Advice: Don’t attempt to implement a tech solution with students that you are not already fluent with, start simple, set your own schedule and gradually expand the students freedoms and privileges as they develop confidence and fluency in the process – and always, always engage in a mechanism like this as a transformation of established excellent classroom practice.

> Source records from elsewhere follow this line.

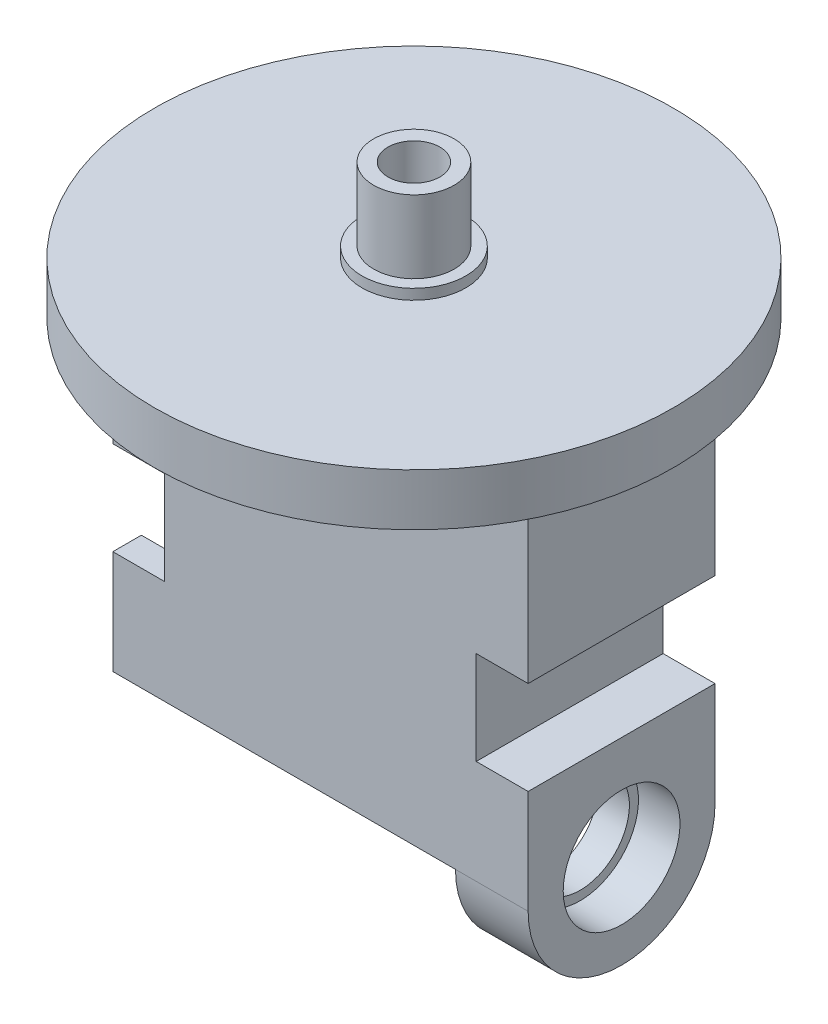
from build123d import *

# Parameters (mm, degrees)
SKETCH1_R           = 25
BOSS_EXTRUDE1_DEPTH = 5
SKETCH8_R           = 4.75
BOSS_EXTRUDE3_DEPTH = 7
SKETCH9_R           = 5.625
CUT_EXTRUDE3_DEPTH  = 4
SKETCH11_W          = 33
SKETCH11_H          = 18
BOSS_EXTRUDE4_DEPTH = 35
SKETCH12_W          = 12.5
SKETCH12_H          = 18
CUT_EXTRUDE4_DEPTH  = 28
SKETCH13_W          = 12.5
SKETCH13_H          = 6
CUT_EXTRUDE6_DEPTH  = 10.79
CUT_EXTRUDE8_DEPTH  = 5
SKETCH16_R          = 5
BOSS_EXTRUDE5_DEPTH = 1
SKETCH17_R          = 3.875
BOSS_EXTRUDE6_DEPTH = 7
SKETCH18_R          = 2.5
CUT_EXTRUDE9_DEPTH  = 6
SKETCH14_R          = 3
CUT_EXTRUDE7_DEPTH  = 7


with BuildPart() as part:
    # Sketch1 → Boss-Extrude1 (new body)
    with BuildSketch(Plane(origin=(0, 0, 0), x_dir=(1, 0, 0), z_dir=(0, 1, 0))):
        with Locations(Location((0, 0, 0), (0, 0, 270))):
            Circle(SKETCH1_R)
    extrude(amount=BOSS_EXTRUDE1_DEPTH)

    # Sketch8 → Boss-Extrude3 (add)
    with BuildSketch(Plane(origin=(20, 0, 0), x_dir=(0, 0, -1), z_dir=(1, 0, 0))):
        with BuildLine():
            Line((-9, 0), (-9, -35))
            ThreePointArc((-9, -35), (0, -44), (9, -35))
            Line((9, -35), (9, 0))
            Line((9, 0), (-9, 0))
        make_face()
        with Locations((0, -35)):
            Circle(SKETCH8_R, mode=Mode.SUBTRACT)
    extrude(amount=-BOSS_EXTRUDE3_DEPTH)

    # Sketch9 → Cut-Extrude3 (cut)
    with BuildSketch(Plane.ZY.offset(-20)):
        with Locations((0, -35)):
            Circle(SKETCH9_R)
    extrude(amount=CUT_EXTRUDE3_DEPTH, mode=Mode.SUBTRACT)

    # Sketch11 → Boss-Extrude4 (add)
    with BuildSketch(Plane(origin=(0, 0, 0), x_dir=(-1, 0, 0), z_dir=(0, -1, 0))):
        with Locations((3.5, 0)):
            Rectangle(SKETCH11_W, SKETCH11_H)
    extrude(amount=BOSS_EXTRUDE4_DEPTH)

    # Sketch12 → Cut-Extrude4 (cut)
    with BuildSketch(Plane.ZY.offset(20)):
        with Locations((0, -26)):
            Rectangle(SKETCH12_W, SKETCH12_H)
    extrude(amount=-CUT_EXTRUDE4_DEPTH, mode=Mode.SUBTRACT)

    # Sketch13 → Cut-Extrude6 (cut)
    with BuildSketch(Plane.ZY.offset(20)):
        with Locations((0, -14)):
            Rectangle(SKETCH13_W, SKETCH13_H)
    extrude(amount=-CUT_EXTRUDE6_DEPTH, mode=Mode.SUBTRACT)

    # Sketch15 → Cut-Extrude8 (cut)
    with BuildSketch(Plane.ZY.offset(20)):
        Polygon((-6.25, -25), (-9, -25), (-9, -16), (-6.25, -16), (9, -16), (9, -25), align=None)
    cut_extrude8 = extrude(amount=-CUT_EXTRUDE8_DEPTH, mode=Mode.SUBTRACT)

    # Mirror1: Cut-Extrude8 across plane
    add(cut_extrude8.mirror(Plane.ZY), mode=Mode.SUBTRACT)

    # Sketch16 → Boss-Extrude5 (add)
    with BuildSketch(Plane(origin=(0, 5, 0), x_dir=(1, 0, 0), z_dir=(0, 1, 0))):
        with Locations(Location((0, 0, 0), (0, 0, 270))):
            Circle(SKETCH16_R)
    extrude(amount=BOSS_EXTRUDE5_DEPTH)

    # Sketch17 → Boss-Extrude6 (add)
    with BuildSketch(Plane(origin=(0, 6, 0), x_dir=(1, 0, 0), z_dir=(0, 1, 0))):
        with Locations(Location((0, 0, 0), (0, 0, 270))):
            Circle(SKETCH17_R)
    extrude(amount=BOSS_EXTRUDE6_DEPTH)

    # Sketch18 → Cut-Extrude9 (cut)
    with BuildSketch(Plane(origin=(0, 13, 0), x_dir=(1, 0, 0), z_dir=(0, 1, 0))):
        with Locations(Location((0, 0, 0), (0, 0, 270))):
            Circle(SKETCH18_R)
    extrude(amount=-CUT_EXTRUDE9_DEPTH, mode=Mode.SUBTRACT)

    # Sketch14 → Cut-Extrude7 (cut)
    with BuildSketch(Plane(origin=(0, 5, 0), x_dir=(1, 0, 0), z_dir=(0, 1, 0))):
        with Locations(Location((0, 0, 0), (0, 0, 270))):
            Circle(SKETCH14_R)
    extrude(amount=-CUT_EXTRUDE7_DEPTH, mode=Mode.SUBTRACT)


solid = part.part
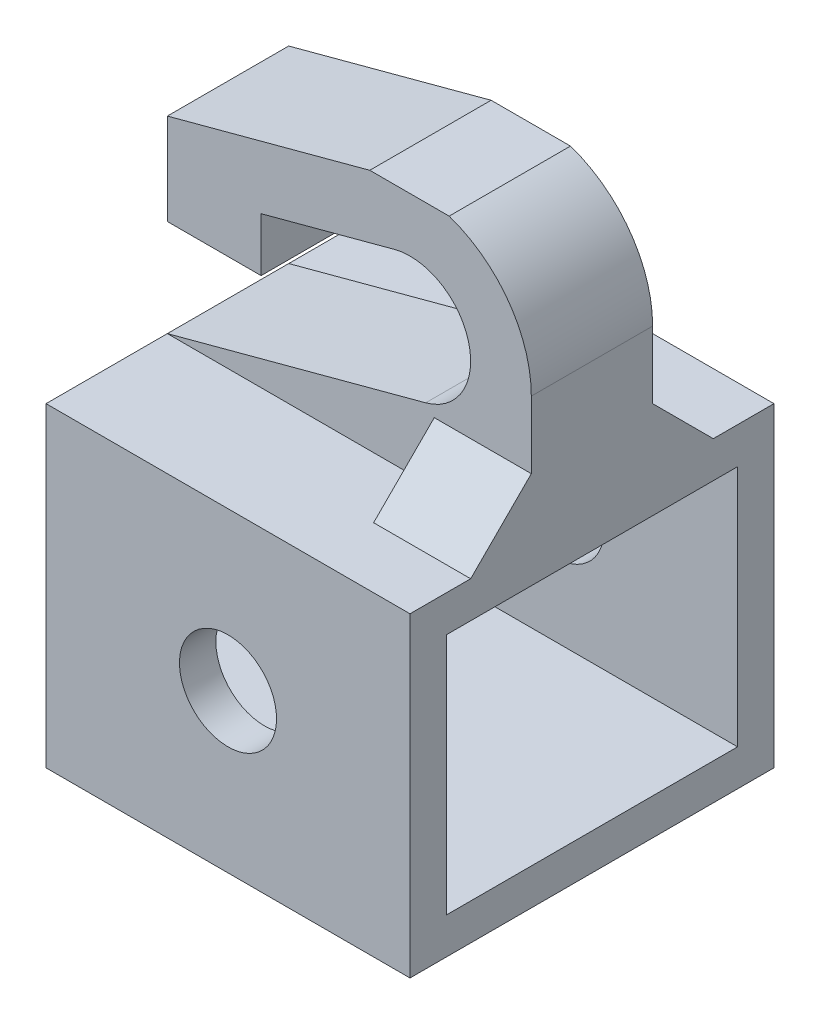
from build123d import *

# Parameters (mm, degrees)
SKETCH1_W           = 30
SKETCH1_H           = 30
BOSS_EXTRUDE1_DEPTH = 26
SHELL1_T            = -3
SKETCH3_R           = 4
CUT_EXTRUDE1_DEPTH  = 43.438190348
BOSS_EXTRUDE4_START = -15
SKETCH4_W           = 10
SKETCH4_H           = 20
BOSS_EXTRUDE4_DEPTH = 30
CUT_EXTRUDE2_DEPTH  = 10
RIB1_REACH          = 58.93
SKETCH7_WALL_W      = 122.930630432
SKETCH7_WALL_H      = 8
CUT_EXTRUDE3_DEPTH  = 10
CUT_EXTRUDE4_DEPTH  = 10
BOSS_EXTRUDE5_REACH = 51.434
SKETCH11_W          = 8
SKETCH11_H          = 10


with BuildPart() as part:
    # Sketch1 → Boss-Extrude1 (new body)
    with BuildSketch(Plane(origin=(0, 0, 0), x_dir=(1, 0, 0), z_dir=(0, 1, 0))):
        Rectangle(SKETCH1_W, SKETCH1_H)
    extrude(amount=BOSS_EXTRUDE1_DEPTH)

    # Shell1
    shell1_openings = [part.faces().sort_by_distance(p)[0] for p in [
        (-15, 13, 0),
        (15, 13, 0),
    ]]
    offset(amount=SHELL1_T, openings=shell1_openings, kind=Kind.INTERSECTION)

    # Sketch3 → Cut-Extrude1 (cut, through all)
    with BuildSketch(Plane.XY.offset(15)):
        with Locations((0, 13)):
            Circle(SKETCH3_R)
    extrude(amount=-CUT_EXTRUDE1_DEPTH, mode=Mode.SUBTRACT)

    # Sketch4 → Boss-Extrude4 (add)
    with BuildSketch(Plane(origin=(0, 0, 0), x_dir=(0, 0, -1), z_dir=(1, 0, 0)).offset(BOSS_EXTRUDE4_START)):
        with Locations((0, 36)):
            Rectangle(SKETCH4_W, SKETCH4_H)
    extrude(amount=BOSS_EXTRUDE4_DEPTH)

    # Sketch6 → Cut-Extrude2 (cut)
    with BuildSketch(Plane(origin=(0, 0, -5), x_dir=(-1, 0, 0), z_dir=(0, 0, -1))):
        with BuildLine():
            Line((15, 26), (15, 36.352761804))
            Line((15, 36.352761804), (-3.705905484, 41.364994072))
            ThreePointArc((-3.705905484, 41.364994072), (-9.829629226, 37.829459621), (-6.294095226, 31.705735619))
            Line((-6.294095226, 31.705735619), (15, 26))
        make_face()
    extrude(amount=-CUT_EXTRUDE2_DEPTH, mode=Mode.SUBTRACT)

    # Sketch7 wall → Rib1 (add, up to next)
    with BuildSketch(Plane(origin=(15, 28.5, -7.5), x_dir=(0, -0.707106781187, -0.707106781187), z_dir=(0, 0.707106781187, -0.707106781187)), mode=Mode.PRIVATE) as rib1_sk1:
        with Locations((0, 4)):
            Rectangle(SKETCH7_WALL_W, SKETCH7_WALL_H)
    rib1_tool1 = extrude(rib1_sk1.sketch, amount=-RIB1_REACH, mode=Mode.PRIVATE) - part.part
    rib1 = rib1_tool1.solids().sort_by_distance((15, 28.5, -7.5))[0]
    add(rib1)

    # Mirror1: Rib1 across plane
    add(rib1.mirror(Plane.XY))

    # Sketch8 → Cut-Extrude3 (cut)
    with BuildSketch(Plane(origin=(0, 0, -5), x_dir=(-1, 0, 0), z_dir=(0, 0, -1))):
        Polygon((15, 41.529142706), (-1.685466574, 46), (15, 46), align=None)
    extrude(amount=-CUT_EXTRUDE3_DEPTH, mode=Mode.SUBTRACT)

    # Sketch9 → Cut-Extrude4 (cut)
    with BuildSketch(Plane(origin=(0, 0, -5), x_dir=(-1, 0, 0), z_dir=(0, 0, -1))):
        with BuildLine():
            Line((-15, 36.535364751), (-15, 46))
            Line((-15, 46), (-8.228107743, 46))
            ThreePointArc((-8.228107743, 46), (-13.132683365, 42.354253071), (-15, 36.535364751))
        make_face()
    extrude(amount=-CUT_EXTRUDE4_DEPTH, mode=Mode.SUBTRACT)

    # Boss-Extrude5: up to this plane
    boss_extrude5_end = Plane(origin=(0, 34, 0), z_dir=(0, 1, 0))
    # Sketch11 → Boss-Extrude5 (add, up to the surface)
    with BuildSketch(Plane(origin=(-10.092999923, 37.667588512, 0), x_dir=(0.965925826289068, 0.25881904510252185, 0), z_dir=(0.25881904510252185, -0.965925826289068, 0)), mode=Mode.PRIVATE) as boss_extrude5_sk1:
        with Locations((-1.080100297, 0)):
            Rectangle(SKETCH11_W, SKETCH11_H)
    boss_extrude5_tool1 = split(extrude(boss_extrude5_sk1.sketch, amount=BOSS_EXTRUDE5_REACH, dir=(0, -1, 0), mode=Mode.PRIVATE), bisect_by=boss_extrude5_end, keep=Keep.BOTH, mode=Mode.PRIVATE)
    add(boss_extrude5_tool1.solids().sort_by_distance((-11.136297, 37.388038, 0))[0])


solid = part.part

Initially, prepare for the underwhelming trickle of interest from students and families. Don’t be disheartened, keep the faith – blogging online is a genuine example of “if you build it, they will come” and they WILL come!

Kia Kaha!

5 Comments

  1. Vivienne Hill on Facebook

    I wish you would come back to Dunedin and be my son’s English teacher, enliven the subject for him. You rock!

    Reply
  2. Craig Seagar on Facebook

    Chris I greatly admire the thinking that you put into your teaching – and of course the enthusiasm with which you present it to your students. And to think Ross and I tried to persuade you not to go teaching. Boy were we wrong.

    Reply
  3. Christopher Waugh on Facebook

    As I remember it your protests were only half-hearted. What I also remember is that you recommended that I apply to the NZ Graduate School of Education which was the single most valuable piece of advice I have been given in my teaching career. Anyway – what you say aside, you’ve both always been my greatest teaching role-models and I feel proud to follow in your footsteps as a teacher.

    Reply
  4. Li-ling

    What a truly inspirational account of teaching with technology. Thank you for sharing so freely and so generously. What I found particularly inspirational was the fact that you sought to use technology not merely as a teaching tool, but as an entire collaborative, self-directed, self-learning process for your students. In doing so, you teach them so much more than English!

    Reply
    • Christopher Waugh

      Thanks for the comment! I agree that, at our best, we’re always teaching a lot more than our subject in schools. It’s certainly helped to be able to recruit some of the mechanisms that have made social networking so popular to meet my ends as a teacher!